The model was trained on 792 sessions, with random bounds `0.2-0.8`. Sessions were selected based on two thresholds:
1. Minimum of 10 data points per session
1. Minimum duration of 10 minutes

The training was scheduled to run for 300 epochs or until the validation loss didn't improve for 30 epochs, whichever comes first. It took 108 epochs, and each sessions was repeat 5 times per epoch thanks to the [random data augmentation](#random-bounds).

Progressive training was not used due to the limited number of sessions.
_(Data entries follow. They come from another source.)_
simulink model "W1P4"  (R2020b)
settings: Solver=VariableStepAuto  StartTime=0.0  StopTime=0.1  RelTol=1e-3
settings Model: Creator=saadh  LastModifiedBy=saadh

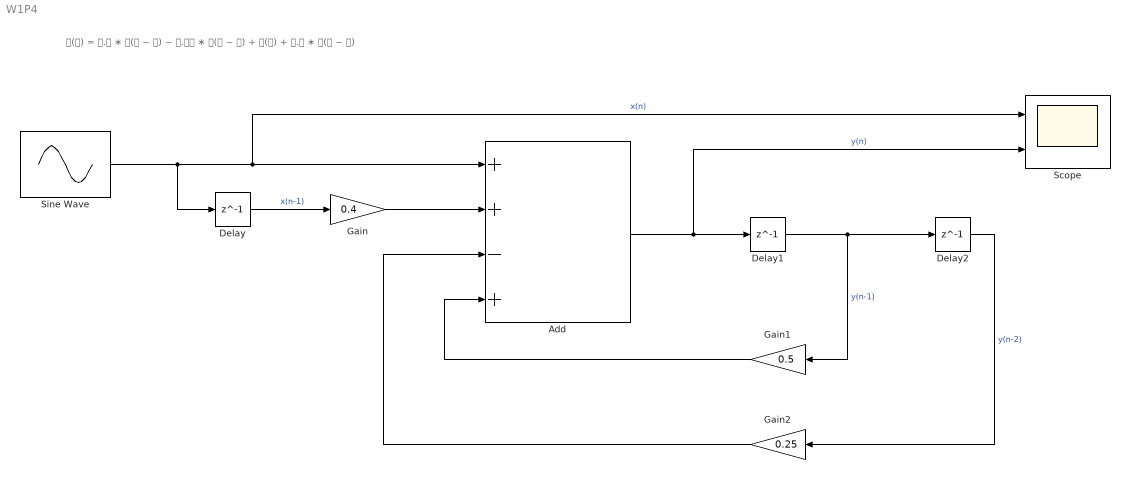
== system W1P4 ==
  note: 𝐲(𝐧) = 𝟎.𝟓 ∗ 𝐲(𝐧 − 𝟏) − 𝟎.𝟐𝟓 ∗ 𝐲(𝐧 − 𝟐) + 𝐱(𝐧) + 𝟎.𝟒 ∗ 𝐱(𝐧 − 𝟏)
  Add : Sum  Inputs=++-+
  Delay : Delay  DelayLength=1
  Delay1 : Delay  DelayLength=1
  Delay2 : Delay  DelayLength=1
  Gain : Gain  Gain=0.4
  Gain1 : Gain  Gain=0.5
  Gain2 : Gain  Gain=0.25
  Scope : Scope  NumInputPorts=2
  Sine Wave : Sin  Frequency=2*pi*100  SampleTime=0
  wires:
  Sine Wave/1 -> Delay/1, Scope/1, Add/1  "x(n)"
  Gain/1 -> Add/2
  Delay/1 -> Gain/1  "x(n-1)"
  Add/1 -> Scope/2, Delay1/1  "y(n)"
  Delay1/1 -> Gain1/1, Delay2/1  "y(n-1)"
  Gain1/1 -> Add/4
  Delay2/1 -> Gain2/1  "y(n-2)"
  Gain2/1 -> Add/3
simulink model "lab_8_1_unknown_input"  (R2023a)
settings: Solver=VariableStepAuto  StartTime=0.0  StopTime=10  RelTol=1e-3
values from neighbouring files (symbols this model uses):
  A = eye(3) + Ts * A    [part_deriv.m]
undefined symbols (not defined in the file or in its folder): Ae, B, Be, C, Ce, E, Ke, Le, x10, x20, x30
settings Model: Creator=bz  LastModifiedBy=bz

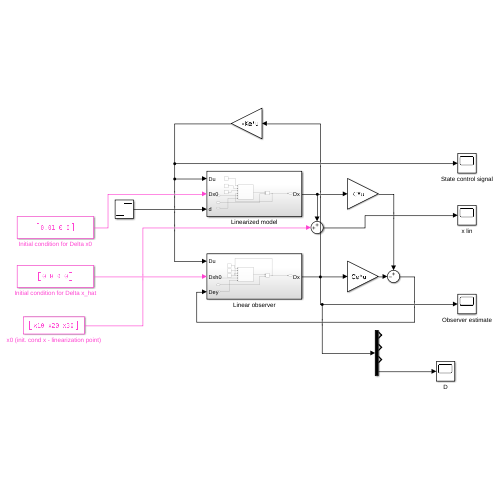
[thumbnail: Simulink's stored preview of the top-level diagram]
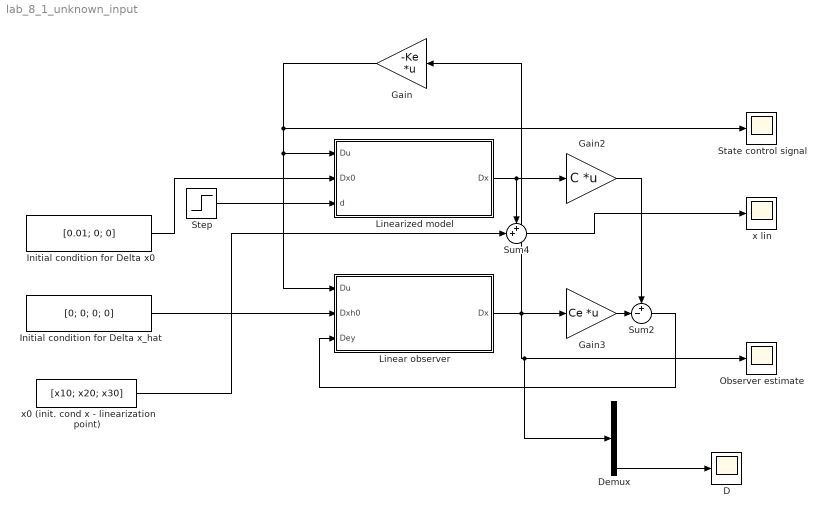
== system lab_8_1_unknown_input ==
  D : Scope
  Demux : Demux
  Gain : Gain  Gain=-Ke  Multiplication=Matrix(K*u)
  Gain2 : Gain  Gain=C  Multiplication=Matrix(K*u)
  Gain3 : Gain  Gain=Ce  Multiplication=Matrix(K*u)
  Initial condition for Delta x0 : Constant  Value=[0.01; 0; 0]
  Initial condition for Delta x_hat : Constant  Value=[0; 0; 0; 0]
  Linear observer : Subsystem
  Linearized model : Subsystem
  Observer estimate : Scope
  State control signal : Scope
  Step : Step  Time=3  SampleTime=0
  Sum2 : Sum  Inputs=+-|
  Sum4 : Sum  Inputs=++|
  x lin : Scope
  x0 (init. cond x - linearization point) : Constant  Value=[x10; x20; x30]
  wires:
  Initial condition for Delta x0/1 -> Linearized model/2(Dx0)
  x0 (init. cond x - linearization point)/1 -> Sum4/2
  Gain/1 -> State control signal/1, Linear observer/1(Du), Linearized model/1(Du)
  Linearized model/1(Dx) -> Gain2/1, Sum4/1
  Linear observer/1(Dx) -> Demux/1, Observer estimate/1, Gain3/1, Gain/1
  Initial condition for Delta x_hat/1 -> Linear observer/2(Dxh0)
  Sum2/1 -> Linear observer/3(Dey)
  Gain2/1 -> Sum2/1
  Gain3/1 -> Sum2/2
  Sum4/1 -> x lin/1
  Demux/4 -> D/1
  Step/1 -> Linearized model/3(d)

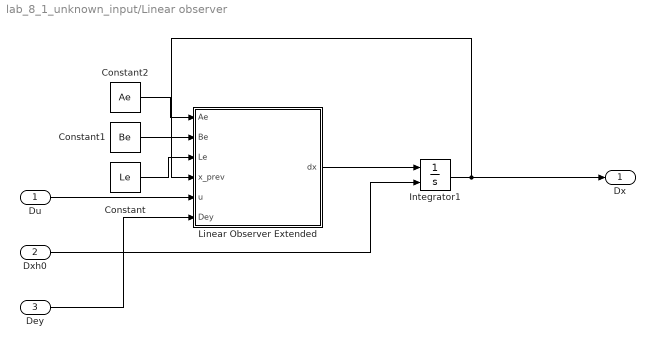
== system lab_8_1_unknown_input/Linear observer ==
  Du : Inport
  Dxh0 : Inport  Port=2
  Dey : Inport  Port=3
  Constant : Constant  Value=Le
  Constant1 : Constant  Value=Be
  Constant2 : Constant  Value=Ae
  Integrator1 : Integrator  InitialConditionSource=external
  Linear Observer Extended : MATLAB Function  TreatAsAtomicUnit=on
  Dx : Outport
  wires:
  Linear Observer Extended/1(dx) -> Integrator1/1
  Integrator1/1 -> Dx/1, Linear Observer Extended/4(x_prev)
  Dxh0/1 -> Integrator1/2
  Du/1 -> Linear Observer Extended/5(u)
  Dey/1 -> Linear Observer Extended/6(Dey)
  Constant/1 -> Linear Observer Extended/3(Le)
  Constant1/1 -> Linear Observer Extended/2(Be)
  Constant2/1 -> Linear Observer Extended/1(Ae)

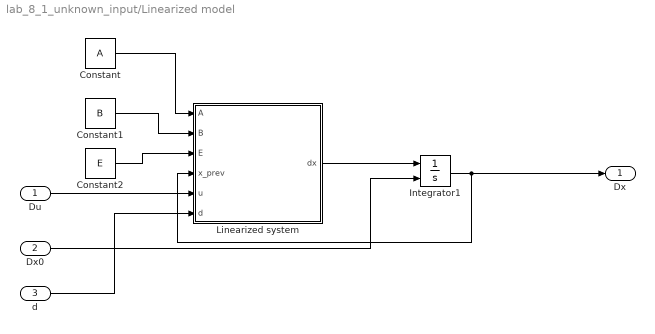
== system lab_8_1_unknown_input/Linearized model ==
  Du : Inport
  Dx0 : Inport  Port=2
  d : Inport  Port=3
  Constant : Constant  Value=A
  Constant1 : Constant  Value=B
  Constant2 : Constant  Value=E
  Integrator1 : Integrator  InitialConditionSource=external
  Linearized system : MATLAB Function  TreatAsAtomicUnit=on
  Dx : Outport
  wires:
  Linearized system/1(dx) -> Integrator1/1
  Integrator1/1 -> Dx/1, Linearized system/4(x_prev)
  Dx0/1 -> Integrator1/2
  Du/1 -> Linearized system/5(u)
  Constant/1 -> Linearized system/1(A)
  Constant1/1 -> Linearized system/2(B)
  Constant2/1 -> Linearized system/3(E)
  d/1 -> Linearized system/6(d)

== matlab function lab_8_1_unknown_input/Linearized model/Linearized system ==
  data: A input; B input; E input; x_prev input; u input; dx output size=[3,1]; d input
function dx = fcn(A, B, E, x_prev, u, d)

dx = A * x_prev + B * u + E * d;

end

== matlab function lab_8_1_unknown_input/Linear observer/Linear Observer Extended ==
  data: Ae input; Be input; Le input; x_prev input; u input; dx output; Dey input
function dx  = fcn(Ae, Be, Le, x_prev, u, Dey)

% x_prev

dx = Ae * x_prev + Be * u + Le * Dey;

end

The following features were used:
* `capacity`: Battery state of charge (0.0-1.0).
* `load_average_1`: CPU load average over the last minute.
* `cpu_temp`: CPU temperature.

Along with the following values for context:
* `battery_status_*`: Wether the battery is charging or discharging.
* `os_*`: Type of OS
* `charge_full_design`: Battery full charge by design.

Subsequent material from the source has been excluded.